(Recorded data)
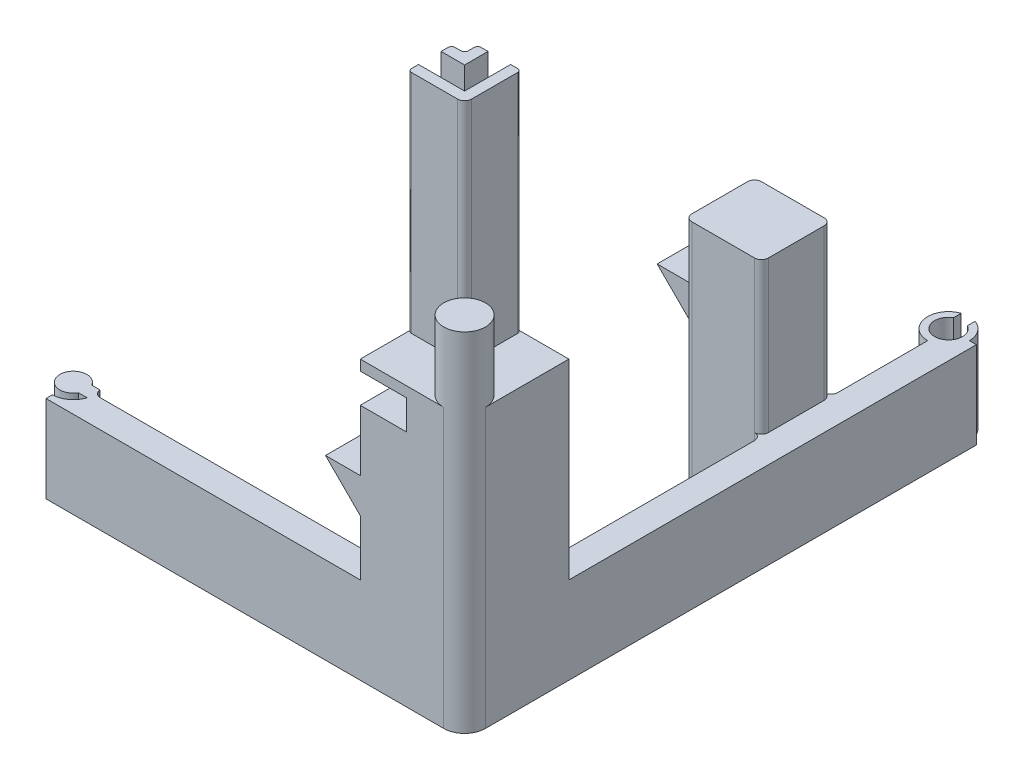
SolidWorks part; units mm, degrees
ref_plane "Front Plane" through (0, 0, 0) normal (0, 0, 1) x (1, 0, 0)
ref_plane "Top Plane" through (0, 0, 0) normal (0, 1, 0) x (1, 0, 0)
ref_plane "Right Plane" through (0, 0, 0) normal (1, 0, 0) x (0, 0, -1)
sketch "Sketch1" plane through (0, 0, 0) normal (0, 1, 0) x (1, 0, 0)
  line L1 (-15, -15) -> (15, -15)
  line L2 (-15, -15) -> (-15, 15)
  line L3 (-15, 15) -> (15, 15)
  line L4 (15, -15) -> (15, 15)
  line L5 (-15, -15) -> (15, 15) construction
  line L6 (-15, 15) -> (15, -15) construction
  point P0 (0, 0)
  dimension "D1" = 30
extrude "Boss-Extrude1" add sketch "Sketch1" along normal blind 80
sketch "Sketch2" plane through (0, 80, 0) normal (0, 1, 0) x (1, 0, 0)
  line L0 (-15, -15) -> (15, -15) construction
  line L1 (15, -15) -> (15, 15) construction
  circle A0 centre (9, -9) radius 6
  dimension "D1" = 12
extrude "Boss-Extrude2" add sketch "Sketch2" along normal blind 20
sketch "Sketch3" plane through (0, 80, 0) normal (0, 1, 0) x (1, 0, 0)
  line L2 (9, -15) -> (15, -15)
  line L4 (15, -15) -> (15, -9)
  circle A1 centre (9, -9) radius 6
  arc A4 (9, -15) -> (15, -9) centre (9, -9) ccw
  dimension "D1" = 0
extrude "Cut-Extrude1" cut sketch "Sketch3" against normal through all
sketch "Sketch4" plane through (0, 80, 0) normal (0, 1, 0) x (1, 0, 0)
  line L16 (-11.25, 1.75) -> (-1.75, 1.75)
  line L17 (-11.25, 11.25) -> (-8.25, 11.25) construction
  line L19 (-11.25, 11.25) -> (-11.25, 8.25) construction
  line L20 (-11.25, 8.25) -> (-8.25, 8.25)
  line L21 (-8.25, 11.25) -> (-8.25, 8.25)
  line L23 (-1.75, 1.75) -> (-1.75, 11.25)
  line L25 (-1.75, 11.25) -> (1.25, 11.25) construction
  line L26 (1.25, 11.25) -> (1.25, -1.25)
  line L27 (1.25, -1.25) -> (-11.25, -1.25)
  line L28 (-11.25, -1.25) -> (-11.25, 1.75) construction
  line L29 (-11.25, 1.75) -> (-11.25, 8.25) construction
  line L30 (-8.25, 11.25) -> (-1.75, 11.25) construction
  line L31 (-11.25, 11.25) -> (-11.25, 15) construction
  line L32 (15, 15) -> (-15, 15) construction
  line L33 (-11.25, 11.25) -> (-15, 11.25) construction
  line L34 (-15, 15) -> (-15, -15) construction
  line L35 (1.25, 11.25) -> (1.25, 15)
  line L36 (1.25, 15) -> (-1.75, 15)
  line L37 (-1.75, 15) -> (-1.75, 11.25)
  line L38 (-11.25, 1.75) -> (-15, 1.75)
  line L39 (-15, 1.75) -> (-15, -1.25)
  line L40 (-15, -1.25) -> (-11.25, -1.25)
  line L41 (-8.25, 11.25) -> (-8.25, 15)
  line L42 (-8.25, 15) -> (-11.25, 15)
  line L43 (-11.25, 15) -> (-11.25, 11.25)
  line L44 (-15, 11.25) -> (-15, 8.25)
  line L45 (-15, 8.25) -> (-11.25, 8.25)
  line L46 (-11.25, 11.25) -> (-15, 11.25)
  dimension "D1" = 6.5
  dimension "D2" = 3
  dimension "D3" = 3.75
extrude "Boss-Extrude3" add sketch "Sketch4" along normal blind 65
sketch "Sketch6" plane through (0, 0, 0) normal (0, -1, 0) x (1, 0, 0)
  line L1 (15, -15) -> (7, -15)
  line L2 (15, -15) -> (15, -132.175)
  line L3 (15, -132.175) -> (13, -132.175)
  line L4 (7, -15) -> (7, -126.175)
  arc A1 (7, -126.175) -> (13, -132.175) centre (7, -132.175) ccw
  dimension "D3" = 12
  dimension "D1" = 117.175
  dimension "D2" = 8
extrude "Boss-Extrude5" add sketch "Sketch6" against normal blind 2
sketch "Sketch7" plane through (0, 2, 0) normal (0, 1, 0) x (1, 0, 0)
  line L0 (7, 136.175) -> (7, 138.175) construction
  line L1 (9, 137.8319) -> (9, 135.6391)
  line L2 (5, 137.8319) -> (5, 135.6391)
  line L3 (7, 128.175) -> (7, 126.175) construction
  line L4 (15, 132.175) -> (13, 132.175)
  line L5 (15, 132.175) -> (15, 15)
  line L6 (15, 15) -> (7, 15)
  line L7 (7, 15) -> (7, 126.175) construction
  line L8 (15, 15) -> (1.25, 15) construction
  line L9 (7, 15) -> (7, 126.175)
  arc A0 (5, 137.8319) -> (7, 126.175) centre (7, 132.175) ccw
  arc A1 (13, 132.175) -> (7, 126.175) centre (7, 132.175) ccw construction
  arc A2 (5, 135.6391) -> (9, 135.6391) centre (7, 132.175) ccw
  arc A3 (13, 132.175) -> (9, 137.8319) centre (7, 132.175) ccw
  dimension "D1" = 2
  dimension "D2" = 2
extrude "Boss-Extrude6" add sketch "Sketch7" along normal offset from surface (23 mm away) 25 up to face at (3.75, 0, -48.4406)
sketch "Sketch9" plane through (0, 0, 0) normal (0, -1, 0) x (1, 0, 0)
  line L0 (15, -15) -> (7, -15) construction
  line L1 (-15, 15) -> (-105.5, 15) construction
  line L2 (-15, 15) -> (-15, 7)
  line L3 (-15, 7) -> (-99.5, 7) construction
  line L4 (-105.5, 15) -> (-105.5, 13.1746) construction
  line L5 (-109.375, 7) -> (-109.5, 7) construction
  line L6 (-101.5, 7) -> (-99.5, 7) construction
  line L7 (-99.5, 9) -> (-102.181, 9) construction
  line L8 (7, -136.175) -> (7, -138.175) construction
  line L9 (9, -137.8319) -> (5, -137.8319) construction
  line L10 (-99.5, 5) -> (-102.181, 5) construction
  line L11 (-99.5, 9) -> (-99.5, 5) construction
  line L12 (-102.1228, 8.9) -> (-99.625, 8.9)
  line L13 (-102.1228, 5.1) -> (-99.5, 5.1) construction
  line L14 (-99.5, 5.1) -> (-99.5, 7) construction
  line L15 (-99.5, 8.9) -> (-99.625, 8.9) construction
  line L16 (-105.375, 15) -> (-105.375, 13.1733)
  line L17 (-105.375, 14.0867) -> (-105.5, 14.0873) construction
  line L18 (-105.375, 15) -> (-15, 15)
  line L19 (-99.5, 5.1) -> (-99.5, 7) construction
  line L20 (-15, 7) -> (-99.5, 7)
  line L21 (-99.8088, 5.1) -> (-102.1228, 5.1)
  circle A0 centre (-105.5, 7) radius 4 construction
  arc A1 (9, -135.6391) -> (5, -135.6391) centre (7, -132.175) ccw construction
  arc A2 (-102.1228, 8.9) -> (-102.1228, 5.1) centre (-105.5, 7) ccw
  arc A4 (-99.625, 8.9) -> (-105.5, 13.1746) centre (-105.5, 7) ccw construction
  arc A6 (-99.625, 8.9) -> (-105.375, 13.1733) centre (-105.5, 7) ccw
  arc A7 (-99.8088, 5.1) -> (-99.5, 7) centre (-105.5, 7) ccw
  arc A8 (7, -126.175) -> (5, -137.8319) centre (7, -132.175) ccw construction
  dimension "D1" = 90.5
  dimension "D2" = 0.125
  dimension "D3" = 1.9
extrude "Boss-Extrude7" add sketch "Sketch9" against normal blind 25
fillet "Fillet1" radius 2 1 edges at (-99.5, 12.5, 7)
sketch "Sketch11" plane through (0, 0, 0) normal (0, -1, 0) x (1, 0, 0)
  line L0 (-99.625, 8.9) -> (-99.75, 8.9) construction
  line L2 (-99.625, 8.9) -> (-102.1228, 8.9) construction
  line L3 (-109.375, 7) -> (-109.5, 7) construction
  circle A0 centre (-105.5, 7) radius 6.0558
  arc A5 (-102.1228, 8.9) -> (-102.1228, 5.1) centre (-105.5, 7) ccw construction
extrude "Cut-Extrude2" cut sketch "Sketch11" against normal offset from surface (2.125 mm away) 0.125 up to face at (7, 2, -134.9552) offset beyond the face yes
sketch "Sketch13" plane through (0, 0, 15) normal (0, 0, 1) x (1, 0, 0)
  line L0 (-15, 80) -> (-15, 25) construction
  line L1 (-15, 68.5) -> (-1.75, 68.5)
  line L2 (-15, 68.5) -> (-15, 77)
  line L3 (-15, 77) -> (-1.75, 77)
  line L4 (-1.75, 68.5) -> (-1.75, 77)
  line L7 (-15, 80) -> (9, 80) construction
  line L9 (-1.75, 145) -> (-1.75, 80) construction
  dimension "D1" = 3
  dimension "D2" = 8.5
extrude "Cut-Extrude4" cut sketch "Sketch13" against normal through all both and the other way through all
sketch "Sketch14" plane through (15, 0, 0) normal (1, 0, 0) x (0, 0, -1)
  line L0 (138.175, 0) -> (-15, 0) construction
fillet "Fillet2" radius 2 1 edges at (1.25, 112.5, 1.25)
sketch "Sketch16" plane through (0, 80, 0) normal (0, 1, 0) x (1, 0, 0)
  line L4 (-15, 11.25) -> (-11.25, 11.25)
  line L5 (-11.25, 11.25) -> (-11.25, 15)
  line L6 (-11.25, 15) -> (-15, 15)
  line L7 (-15, 15) -> (-15, 11.25)
  line L8 (-15, 11.25) -> (-11.25, 11.25)
  line L9 (-11.25, 11.25) -> (-11.25, 15)
  line L10 (-11.25, 15) -> (-15, 15)
  line L11 (-15, 15) -> (-15, 11.25)
  dimension "D1" = 0
extrude "Cut-Extrude6" cut sketch "Sketch16" against normal up to next
fillet "Fillet4" radius 1 5 edges at (-11.25, 111, -15) (-11.25, 111, -11.25) (-15, 111, -11.25) (-15, 112.5, 1.25) (1.25, 112.5, -15)
sketch "Sketch17" plane through (0, 0, 0) normal (0, -1, 0) x (1, 0, 0)
  line L0 (7, -15) -> (7, -126.175) construction
  line L1 (7, -78.3813) -> (-15, -78.3813)
  line L2 (7, -78.3813) -> (7, -98.3813)
  line L3 (7, -98.3813) -> (-15, -98.3813)
  line L4 (-15, -78.3813) -> (-15, -98.3813)
  line L5 (-15, -15) -> (-15, 7) construction
  line L6 (7, -126.175) -> (7, -70.5875) construction
  arc A0 (7, -126.175) -> (13, -132.175) centre (7, -132.175) ccw construction
  point P13 (7, -98.3813)
  dimension "D1" = 20
extrude "Boss-Extrude8" add sketch "Sketch17" against normal up to surface (68.5 mm away) up to face at (-8.375, 68.5, 0)
sketch "Sketch18" plane through (0, 0, 0) normal (0, -1, 0) x (1, 0, 0)
  line L0 (-4, -80.8813) -> (-4, -78.3813) construction
  line L1 (-12.5, -80.8813) -> (4.5, -80.8813)
  line L2 (-12.5, -80.8813) -> (-12.5, -95.8813)
  line L3 (-12.5, -95.8813) -> (4.5, -95.8813)
  line L4 (4.5, -80.8813) -> (4.5, -95.8813)
  line L5 (7, -78.3813) -> (-15, -78.3813) construction
  line L7 (4.5, -88.3813) -> (7, -88.3813) construction
  line L8 (7, -78.3813) -> (7, -98.3813) construction
  dimension "D1" = 2.5
extrude "Cut-Extrude7" cut sketch "Sketch18" against normal offset from surface (66 mm away) 2.5 up to face at (-4, 68.5, -88.3813)
fillet "Fillet5" radius 2 4 edges at (7, 12.5, -78.3813) (7, 12.5, -98.3813) (-15, 34.25, -98.3813) (-15, 34.25, -78.3813)
fillet "Fillet6" radius 2 2 edges at (7, 46.75, -78.3813) (7, 46.75, -98.3813)
chamfer "Chamfer1" distance 7 angle 45 4 edges at (-4, 66, -80.8813) (4.5, 66, -88.3813) (-4, 66, -95.8813) (-12.5, 66, -88.3813)
sketch "Sketch19" plane through (0, 0, 15) normal (0, 0, 1) x (1, 0, 0)
  line L0 (-15, 51) -> (-25, 51)
  line L1 (-15, 68.5) -> (-15, 25) construction
  line L2 (-25, 51) -> (-15, 41)
  line L3 (-15, 41) -> (-15, 51)
  line L4 (-1.75, 68.5) -> (-15, 68.5) construction
  dimension "D1" = 17.5
  dimension "D2" = 10
extrude "Boss-Extrude9" add sketch "Sketch19" against normal up to surface (30 mm away) up to face at (-1.8437, 77.5625, -15)
ref_plane "Plane1" through (0, 0, -88.3813) normal (0, 0, -1) x (-1, 0, 0)
sketch "Sketch20" plane through (0, 0, -88.3813) normal (0, 0, -1) x (-1, 0, 0)
  line L3 (25, 51) -> (15, 51)
  line L4 (15, 41) -> (25, 51)
  line L5 (15, 51) -> (15, 41)
  line L6 (25, 51) -> (15, 51)
  line L7 (15, 41) -> (25, 51)
  line L8 (15, 51) -> (15, 41)
  dimension "D1" = 0
extrude "Boss-Extrude10" add sketch "Sketch20" against normal up to vertex and the other way up to vertex

**Exercise aim**:
Of the entries listed above, reproduce only the lines starting at the line containing "line L2 (9, -15) -> (15, -15)" and ending at the line containing "normal blind 65". Include both, exactly as they stand.

**Solution to this exercise**:
  line L2 (9, -15) -> (15, -15)
  line L4 (15, -15) -> (15, -9)
  circle A1 centre (9, -9) radius 6
  arc A4 (9, -15) -> (15, -9) centre (9, -9) ccw
  dimension "D1" = 0
extrude "Cut-Extrude1" cut sketch "Sketch3" against normal through all
sketch "Sketch4" plane through (0, 80, 0) normal (0, 1, 0) x (1, 0, 0)
  line L16 (-11.25, 1.75) -> (-1.75, 1.75)
  line L17 (-11.25, 11.25) -> (-8.25, 11.25) construction
  line L19 (-11.25, 11.25) -> (-11.25, 8.25) construction
  line L20 (-11.25, 8.25) -> (-8.25, 8.25)
  line L21 (-8.25, 11.25) -> (-8.25, 8.25)
  line L23 (-1.75, 1.75) -> (-1.75, 11.25)
  line L25 (-1.75, 11.25) -> (1.25, 11.25) construction
  line L26 (1.25, 11.25) -> (1.25, -1.25)
  line L27 (1.25, -1.25) -> (-11.25, -1.25)
  line L28 (-11.25, -1.25) -> (-11.25, 1.75) construction
  line L29 (-11.25, 1.75) -> (-11.25, 8.25) construction
  line L30 (-8.25, 11.25) -> (-1.75, 11.25) construction
  line L31 (-11.25, 11.25) -> (-11.25, 15) construction
  line L32 (15, 15) -> (-15, 15) construction
  line L33 (-11.25, 11.25) -> (-15, 11.25) construction
  line L34 (-15, 15) -> (-15, -15) construction
  line L35 (1.25, 11.25) -> (1.25, 15)
  line L36 (1.25, 15) -> (-1.75, 15)
  line L37 (-1.75, 15) -> (-1.75, 11.25)
  line L38 (-11.25, 1.75) -> (-15, 1.75)
  line L39 (-15, 1.75) -> (-15, -1.25)
  line L40 (-15, -1.25) -> (-11.25, -1.25)
  line L41 (-8.25, 11.25) -> (-8.25, 15)
  line L42 (-8.25, 15) -> (-11.25, 15)
  line L43 (-11.25, 15) -> (-11.25, 11.25)
  line L44 (-15, 11.25) -> (-15, 8.25)
  line L45 (-15, 8.25) -> (-11.25, 8.25)
  line L46 (-11.25, 11.25) -> (-15, 11.25)
  dimension "D1" = 6.5
  dimension "D2" = 3
  dimension "D3" = 3.75
extrude "Boss-Extrude3" add sketch "Sketch4" along normal blind 65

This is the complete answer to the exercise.